Confronted with the prospect of losing fishing grounds, fishermen often assume they’ll lose income, too. But Chris Costello, an associate professor of resource economics at the University of California, Santa Barbara, says MPAs’ economic impact depends on placement. If they are placed wisely (closing remote areas that are costly to fish, anyway, rather than heavily fished ones that are closer), economic losses can be minimized. In closing some 20 percent of California’s north central coast, for example, he estimates only a 6 percent loss to fishermen. Modeling indicates that if MPAs are placed in alignment with ocean currents, they can continually flood adjacent areas with larvae, having a net positive effect on nearby fisheries.

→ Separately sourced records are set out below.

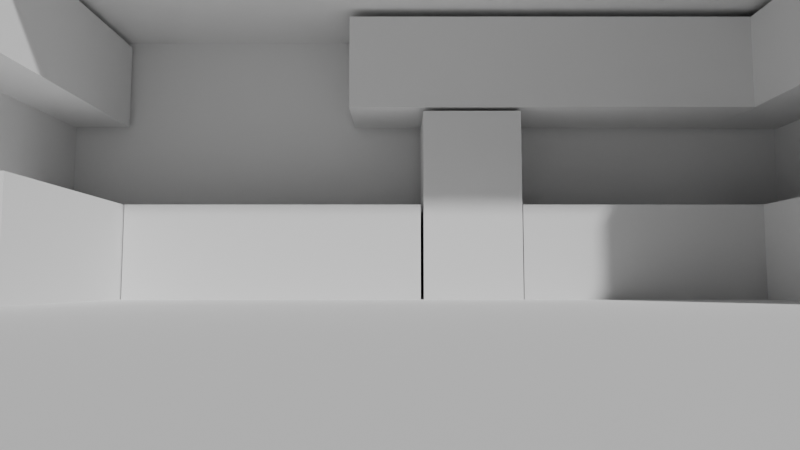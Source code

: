 # Source: kitchen.blend  (saved by Blender 5.0.119; exported with 4.5.12 LTS)
import bpy
from mathutils import Matrix  # noqa: F401  (used for matrix-valued properties, if any)

bpy.ops.wm.read_factory_settings(use_empty=True)
scene = bpy.context.scene
scene.name = 'Scene'

# ---- collections
col_kitchen_blocking = bpy.data.collections.new('kitchen blocking'); scene.collection.children.link(col_kitchen_blocking)
col_collection = bpy.data.collections.new('Collection'); scene.collection.children.link(col_collection)
col_ref = bpy.data.collections.new('ref'); scene.collection.children.link(col_ref)
col_window1 = bpy.data.collections.new('window1')  # instanced only; not linked into the scene
col_ch_drunk = bpy.data.collections.new('CH-drunk')  # instanced only; not linked into the scene

# ---- world
world_world = bpy.data.worlds.new('World'); scene.world = world_world
world_world.use_nodes = True; world_world.node_tree.nodes.clear()
_N = world_world.node_tree.nodes; _L = world_world.node_tree.links
n0 = _N.new('ShaderNodeOutputWorld'); n0.name = 'World Output'; n0.location = (200, 100)
n1 = _N.new('ShaderNodeBackground'); n1.name = 'Background'; n1.location = (-200, 100)
n1.inputs[0].default_value = (0.05088, 0.05088, 0.05088, 1.0)
_L.new(n1.outputs[0], n0.inputs[0])
n0.is_active_output = True
world_world.color = (0.05088, 0.05088, 0.05088)
world_world.sun_shadow_jitter_overblur = 0.0

# ---- cameras
cam_camera = bpy.data.cameras.new('Camera')
cam_camera.clip_end = 100.0
cam_camera.lens = 30.0
cam_camera.ortho_scale = 7.314
cam_camera.show_background_images = True

# ---- meshes
me_plane = bpy.data.meshes.new('Plane')
me_plane.from_pydata([(-4.016, -9.037, 0.0), (5.756, -9.037, 0.0), (-4.005, 1.39, 0.0), (5.767, 1.39, 0.0)], [], [(3, 2, 0, 1)])
_uv = me_plane.uv_layers.new(name='UVMap')
_uv.uv.foreach_set('vector', [1.0, 1.0, 0.0, 1.0, 0.0, 0.0, 1.0, 0.0])
me_plane.update()
me_cube_001 = bpy.data.meshes.new('Cube.001')
me_cube_001.from_pydata([(-1.0, -1.0, 0.0), (-1.0, -1.0, 2.0), (-1.0, 1.0, 0.0), (-1.0, 1.0, 2.0), (1.0, -1.0, 0.0), (1.0, -1.0, 2.0), (1.0, 1.0, 0.0), (1.0, 1.0, 2.0)], [], [(0, 1, 3, 2), (2, 3, 7, 6), (6, 7, 5, 4), (4, 5, 1, 0), (2, 6, 4, 0), (7, 3, 1, 5)])
_uv = me_cube_001.uv_layers.new(name='UVMap')
_uv.uv.foreach_set('vector', [0.375, 0.0, 0.625, 0.0, 0.625, 0.25, 0.375, 0.25, 0.375, 0.25, 0.625, 0.25, 0.625, 0.5, 0.375, 0.5, 0.375, 0.5, 0.625, 0.5, 0.625, 0.75, 0.375, 0.75, 0.375, 0.75, 0.625, 0.75, 0.625, 1.0, 0.375, 1.0, 0.125, 0.5, 0.375, 0.5, 0.375, 0.75, 0.125, 0.75, 0.625, 0.5, 0.875, 0.5, 0.875, 0.75, 0.625, 0.75])
me_cube_001.update()
me_cube_002 = bpy.data.meshes.new('Cube.002')
me_cube_002.from_pydata([(-1.0, -1.0, 0.0), (-1.0, -1.0, 2.0), (-1.0, 1.0, 0.0), (-1.0, 1.0, 2.0), (1.0, -1.0, 0.0), (1.0, -1.0, 2.0), (1.0, 1.0, 0.0), (1.0, 1.0, 2.0)], [], [(0, 1, 3, 2), (2, 3, 7, 6), (6, 7, 5, 4), (4, 5, 1, 0), (2, 6, 4, 0), (7, 3, 1, 5)])
_uv = me_cube_002.uv_layers.new(name='UVMap')
_uv.uv.foreach_set('vector', [0.375, 0.0, 0.625, 0.0, 0.625, 0.25, 0.375, 0.25, 0.375, 0.25, 0.625, 0.25, 0.625, 0.5, 0.375, 0.5, 0.375, 0.5, 0.625, 0.5, 0.625, 0.75, 0.375, 0.75, 0.375, 0.75, 0.625, 0.75, 0.625, 1.0, 0.375, 1.0, 0.125, 0.5, 0.375, 0.5, 0.375, 0.75, 0.125, 0.75, 0.625, 0.5, 0.875, 0.5, 0.875, 0.75, 0.625, 0.75])
me_cube_002.update()
me_cube_003 = bpy.data.meshes.new('Cube.003')
me_cube_003.from_pydata([(-1.0, -1.0, 0.0), (-1.0, -1.0, 2.0), (-1.0, 1.0, 0.0), (-1.0, 1.0, 2.0), (1.0, -1.0, 0.0), (1.0, -1.0, 2.0), (1.0, 1.0, 0.0), (1.0, 1.0, 2.0)], [], [(0, 1, 3, 2), (2, 3, 7, 6), (6, 7, 5, 4), (4, 5, 1, 0), (2, 6, 4, 0), (7, 3, 1, 5)])
_uv = me_cube_003.uv_layers.new(name='UVMap')
_uv.uv.foreach_set('vector', [0.375, 0.0, 0.625, 0.0, 0.625, 0.25, 0.375, 0.25, 0.375, 0.25, 0.625, 0.25, 0.625, 0.5, 0.375, 0.5, 0.375, 0.5, 0.625, 0.5, 0.625, 0.75, 0.375, 0.75, 0.375, 0.75, 0.625, 0.75, 0.625, 1.0, 0.375, 1.0, 0.125, 0.5, 0.375, 0.5, 0.375, 0.75, 0.125, 0.75, 0.625, 0.5, 0.875, 0.5, 0.875, 0.75, 0.625, 0.75])
me_cube_003.update()
me_cube_004 = bpy.data.meshes.new('Cube.004')
me_cube_004.from_pydata([(-1.0, -1.0, 0.0), (-1.0, -1.0, 2.0), (-1.0, 1.0, 0.0), (-1.0, 1.0, 2.0), (1.0, -1.0, 0.0), (1.0, -1.0, 2.0), (1.0, 1.0, 0.0), (1.0, 1.0, 2.0)], [], [(0, 1, 3, 2), (2, 3, 7, 6), (6, 7, 5, 4), (4, 5, 1, 0), (2, 6, 4, 0), (7, 3, 1, 5)])
_uv = me_cube_004.uv_layers.new(name='UVMap')
_uv.uv.foreach_set('vector', [0.375, 0.0, 0.625, 0.0, 0.625, 0.25, 0.375, 0.25, 0.375, 0.25, 0.625, 0.25, 0.625, 0.5, 0.375, 0.5, 0.375, 0.5, 0.625, 0.5, 0.625, 0.75, 0.375, 0.75, 0.375, 0.75, 0.625, 0.75, 0.625, 1.0, 0.375, 1.0, 0.125, 0.5, 0.375, 0.5, 0.375, 0.75, 0.125, 0.75, 0.625, 0.5, 0.875, 0.5, 0.875, 0.75, 0.625, 0.75])
me_cube_004.update()
me_cube_005 = bpy.data.meshes.new('Cube.005')
me_cube_005.from_pydata([(-1.0, -1.0, 0.0), (-1.0, -1.0, 2.0), (-1.0, 1.0, 0.0), (-1.0, 1.0, 2.0), (1.0, -1.0, 0.0), (1.0, -1.0, 2.0), (1.0, 1.0, 0.0), (1.0, 1.0, 2.0)], [], [(0, 1, 3, 2), (2, 3, 7, 6), (6, 7, 5, 4), (4, 5, 1, 0), (2, 6, 4, 0), (7, 3, 1, 5)])
_uv = me_cube_005.uv_layers.new(name='UVMap')
_uv.uv.foreach_set('vector', [0.375, 0.0, 0.625, 0.0, 0.625, 0.25, 0.375, 0.25, 0.375, 0.25, 0.625, 0.25, 0.625, 0.5, 0.375, 0.5, 0.375, 0.5, 0.625, 0.5, 0.625, 0.75, 0.375, 0.75, 0.375, 0.75, 0.625, 0.75, 0.625, 1.0, 0.375, 1.0, 0.125, 0.5, 0.375, 0.5, 0.375, 0.75, 0.125, 0.75, 0.625, 0.5, 0.875, 0.5, 0.875, 0.75, 0.625, 0.75])
me_cube_005.update()
me_cube_006 = bpy.data.meshes.new('Cube.006')
me_cube_006.from_pydata([(-1.0, -1.0, 0.0), (-1.0, -1.0, 2.0), (-1.0, 1.0, 0.0), (-1.0, 1.0, 2.0), (1.0, -1.0, 0.0), (1.0, -1.0, 2.0), (1.0, 1.0, 0.0), (1.0, 1.0, 2.0)], [], [(0, 1, 3, 2), (2, 3, 7, 6), (6, 7, 5, 4), (4, 5, 1, 0), (2, 6, 4, 0), (7, 3, 1, 5)])
_uv = me_cube_006.uv_layers.new(name='UVMap')
_uv.uv.foreach_set('vector', [0.375, 0.0, 0.625, 0.0, 0.625, 0.25, 0.375, 0.25, 0.375, 0.25, 0.625, 0.25, 0.625, 0.5, 0.375, 0.5, 0.375, 0.5, 0.625, 0.5, 0.625, 0.75, 0.375, 0.75, 0.375, 0.75, 0.625, 0.75, 0.625, 1.0, 0.375, 1.0, 0.125, 0.5, 0.375, 0.5, 0.375, 0.75, 0.125, 0.75, 0.625, 0.5, 0.875, 0.5, 0.875, 0.75, 0.625, 0.75])
me_cube_006.update()
me_cube_007 = bpy.data.meshes.new('Cube.007')
me_cube_007.from_pydata([(-1.0, -1.0, 0.0), (-1.0, -1.0, 2.0), (-1.0, 1.0, 0.0), (-1.0, 1.0, 2.0), (1.0, -1.0, 0.0), (1.0, -1.0, 2.0), (1.0, 1.0, 0.0), (1.0, 1.0, 2.0)], [], [(0, 1, 3, 2), (2, 3, 7, 6), (6, 7, 5, 4), (4, 5, 1, 0), (2, 6, 4, 0), (7, 3, 1, 5)])
_uv = me_cube_007.uv_layers.new(name='UVMap')
_uv.uv.foreach_set('vector', [0.375, 0.0, 0.625, 0.0, 0.625, 0.25, 0.375, 0.25, 0.375, 0.25, 0.625, 0.25, 0.625, 0.5, 0.375, 0.5, 0.375, 0.5, 0.625, 0.5, 0.625, 0.75, 0.375, 0.75, 0.375, 0.75, 0.625, 0.75, 0.625, 1.0, 0.375, 1.0, 0.125, 0.5, 0.375, 0.5, 0.375, 0.75, 0.125, 0.75, 0.625, 0.5, 0.875, 0.5, 0.875, 0.75, 0.625, 0.75])
me_cube_007.update()
me_cube_008 = bpy.data.meshes.new('Cube.008')
me_cube_008.from_pydata([(-3.451, -0.4917, 0.0), (-3.451, -0.4917, 1.009), (-3.451, 0.4917, 0.0), (-3.451, 0.4917, 1.009), (1.582, -0.4917, 0.0), (1.582, -0.4917, 1.009), (1.582, 0.4917, 0.0), (1.582, 0.4917, 1.009)], [], [(0, 1, 3, 2), (2, 3, 7, 6), (6, 7, 5, 4), (4, 5, 1, 0), (2, 6, 4, 0), (7, 3, 1, 5)])
_uv = me_cube_008.uv_layers.new(name='UVMap')
_uv.uv.foreach_set('vector', [0.375, 0.0, 0.625, 0.0, 0.625, 0.25, 0.375, 0.25, 0.375, 0.25, 0.625, 0.25, 0.625, 0.5, 0.375, 0.5, 0.375, 0.5, 0.625, 0.5, 0.625, 0.75, 0.375, 0.75, 0.375, 0.75, 0.625, 0.75, 0.625, 1.0, 0.375, 1.0, 0.125, 0.5, 0.375, 0.5, 0.375, 0.75, 0.125, 0.75, 0.625, 0.5, 0.875, 0.5, 0.875, 0.75, 0.625, 0.75])
me_cube_008.update()
me_plane_001 = bpy.data.meshes.new('Plane.001')
me_plane_001.from_pydata([(-4.88, -1.816, 0.0), (3.786, -1.816, 0.0), (-4.88, 1.816, 0.0), (3.786, 1.816, 0.0), (-4.88, -1.816, 5.153), (-4.88, 1.816, 5.153), (3.786, -1.816, 4.487), (3.786, 1.816, 4.487)], [], [(0, 1, 3, 2), (0, 2, 5, 4), (3, 1, 6, 7)])
_uv = me_plane_001.uv_layers.new(name='UVMap')
_uv.uv.foreach_set('vector', [0.0, 0.0, 1.0, 0.0, 1.0, 1.0, 0.0, 1.0, 0.0, 0.0, 0.0, 1.0, 0.0, 1.0, 0.0, 0.0, 1.0, 1.0, 1.0, 0.0, 1.0, 0.0, 1.0, 1.0])
me_plane_001.update()
me_plane_002 = bpy.data.meshes.new('Plane.002')
me_plane_002.from_pydata([(-4.016, -1.825, 0.0), (5.756, -1.825, 0.0), (-4.005, 1.39, 0.0), (5.767, 1.39, 0.0)], [], [(3, 1, 0, 2)])
_uv = me_plane_002.uv_layers.new(name='UVMap')
_uv.uv.foreach_set('vector', [1.0, 1.0, 1.0, 0.0, 0.0, 0.0, 0.0, 1.0])
me_plane_002.update()

# ---- objects
ob_plane = bpy.data.objects.new('Plane', me_plane)
ob_cube = bpy.data.objects.new('Cube', me_cube_001)
ob_cube_001 = bpy.data.objects.new('Cube.001', me_cube_002)
ob_cube_002 = bpy.data.objects.new('Cube.002', me_cube_003)
ob_cube_003 = bpy.data.objects.new('Cube.003', me_cube_004)
ob_cube_004 = bpy.data.objects.new('Cube.004', me_cube_005)
ob_cube_005 = bpy.data.objects.new('Cube.005', me_cube_006)
ob_cube_006 = bpy.data.objects.new('Cube.006', me_cube_007)
ob_cube_007 = bpy.data.objects.new('Cube.007', me_cube_008)
ob_plane_001 = bpy.data.objects.new('Plane.001', me_plane_001)
ob_window1 = bpy.data.objects.new('window1', None)
ob_plane_002 = bpy.data.objects.new('Plane.002', me_plane_002)
ob_camera = bpy.data.objects.new('Camera', cam_camera)
ob_ch_drunk = bpy.data.objects.new('CH-drunk', None)

# ---- transforms, parenting, visibility, modifiers, constraints
ob_plane.location = (0.0, 0.0, 0.0)
ob_cube.location = (0.7799, 0.7477, 0.0)
ob_cube.scale = (0.5272, 0.4917, 1.015)
ob_cube_001.location = (-1.362, 0.7477, 0.0)
ob_cube_001.scale = (1.582, 0.4917, 0.5045)
ob_cube_002.location = (-3.45, -0.3135, 0.0)
ob_cube_002.rotation_euler = (0.0, -0.0, -1.571)
ob_cube_002.scale = (1.582, 0.4917, 0.5045)
ob_cube_003.location = (-3.828, -0.3135, 2.089)
ob_cube_003.rotation_euler = (0.0, -0.0, -1.571)
ob_cube_003.scale = (1.582, 0.4917, 0.5045)
ob_cube_004.location = (4.331, -0.3135, 2.07)
ob_cube_004.rotation_euler = (0.0, -0.0, -1.571)
ob_cube_004.scale = (1.582, 0.4917, 0.5045)
ob_cube_005.location = (4.376, -0.3135, 0.0)
ob_cube_005.rotation_euler = (0.0, -0.0, -1.571)
ob_cube_005.scale = (1.582, 0.4917, 0.5045)
ob_cube_006.location = (2.899, 0.7477, 0.0)
ob_cube_006.scale = (1.582, 0.4917, 0.5045)
ob_cube_007.location = (2.899, 0.7477, 2.073)
ob_plane_001.location = (0.8596, 1.329, 1.563)
ob_plane_001.rotation_euler = (1.571, -0.0, 0.0)
ob_window1.location = (-1.545, 1.285, 2.011)
ob_window1.instance_type = 'COLLECTION'
ob_plane_002.location = (0.01582, -0.005037, 3.175)
ob_camera.location = (0.0, -6.821, 0.171)
ob_camera.rotation_euler = (1.658, 3.914e-17, 2.652e-19)
ob_camera.lock_rotations_4d = False
ob_camera.empty_display_type = 'ARROWS'
ob_camera.color = (0.0, 0.0, 0.0, 0.0)
ob_camera.display_type = 'WIRE'
ob_camera.lineart.crease_threshold = 0.0
ob_ch_drunk.location = (0.0, -5.202, 0.0)
ob_ch_drunk.instance_type = 'COLLECTION'
ob_window1.instance_collection = col_window1
ob_ch_drunk.instance_collection = col_ch_drunk

# ---- collection membership
col_kitchen_blocking.objects.link(ob_plane)
col_kitchen_blocking.objects.link(ob_cube)
col_kitchen_blocking.objects.link(ob_cube_001)
col_kitchen_blocking.objects.link(ob_cube_002)
col_kitchen_blocking.objects.link(ob_cube_003)
col_kitchen_blocking.objects.link(ob_cube_004)
col_kitchen_blocking.objects.link(ob_cube_005)
col_kitchen_blocking.objects.link(ob_cube_006)
col_kitchen_blocking.objects.link(ob_cube_007)
col_kitchen_blocking.objects.link(ob_plane_001)
col_kitchen_blocking.objects.link(ob_window1)
col_kitchen_blocking.objects.link(ob_plane_002)
col_collection.objects.link(ob_camera)
col_ref.objects.link(ob_ch_drunk)

# ---- scene / render settings (as saved in the file)
scene.camera = ob_camera
scene.frame_start = 1; scene.frame_end = 250; scene.frame_set(1)
scene.render.engine = 'BLENDER_EEVEE_NEXT'
scene.render.bake_bias = 0.0
scene.render.bake_samples = 0
scene.cycles.sampling_pattern = 'TABULATED_SOBOL'
scene.eevee.use_volume_custom_range = False
bpy.context.view_layer.update()

# ---- added for rendering (the .blend has no usable light): sun
light_auto_sun = bpy.data.lights.new('AutoSun', 'SUN')
light_auto_sun.energy = 3.0
light_auto_sun.angle = 0.0523599
ob_auto_sun = bpy.data.objects.new('AutoSun', light_auto_sun)
scene.collection.objects.link(ob_auto_sun)
ob_auto_sun.rotation_euler = (0.872665, 0.174533, 0.523599)
bpy.context.view_layer.update()

“This is not intuitive to policymakers or fishermen,” Dr. Costello says. But “at least in theory, you can have your cake and eat it, too.”
Scientists conceived California’s MPAs as a network. Each area has to be larger than the distances that target organisms wander, 6 to 12-1/2 miles along the coastline and extending three miles out to sea. They have to be spaced close enough (no more than 62 miles apart) so that larvae from one MPA can drift and settle into another. Designed with the greater whole in mind, in theory the network’s benefit will be greater than the sum of its parts.
Not everyone agrees with all the assumptions guiding the process.
Ray Hilborn, a professor at the University of Washington’s School of Fishery and Aquatic Sciences in Seattle, and a science adviser to the north central coast process, thinks the presumed benefits to fisheries are questionable. The MPAs are only large enough to protect the least mobile of species, which leaves out commercially important ones like hake, squid, and sardines – open-water species that swim hundreds of miles during feeding and spawning cycles.
Also, he says, traditional management schemes are working fine in California waters. (Many fault poor oceanographic conditions and water use in the Sacramento River, not overfishing, for this year’s dramatic West Coast Chinook salmon collapse.)
“The MLPA was basically sold on the … ‘ecosystem is in trouble’ perspective,” he says. “And I think that’s a serious exaggeration.” The network should be called what it is, he says: a biodiversity tool.
Indeed, the Marine Life Protection Act explicitly declares conservation as a primary goal, a fact not lost on either scientists or stakeholders.
“We went in there knowing we were going to have to give up some [fishing] grounds,” says Michael McHenry of Half Moon Bay, Calif., who has fished for nearly 40 years. “We just tried to go in and soften the blow.”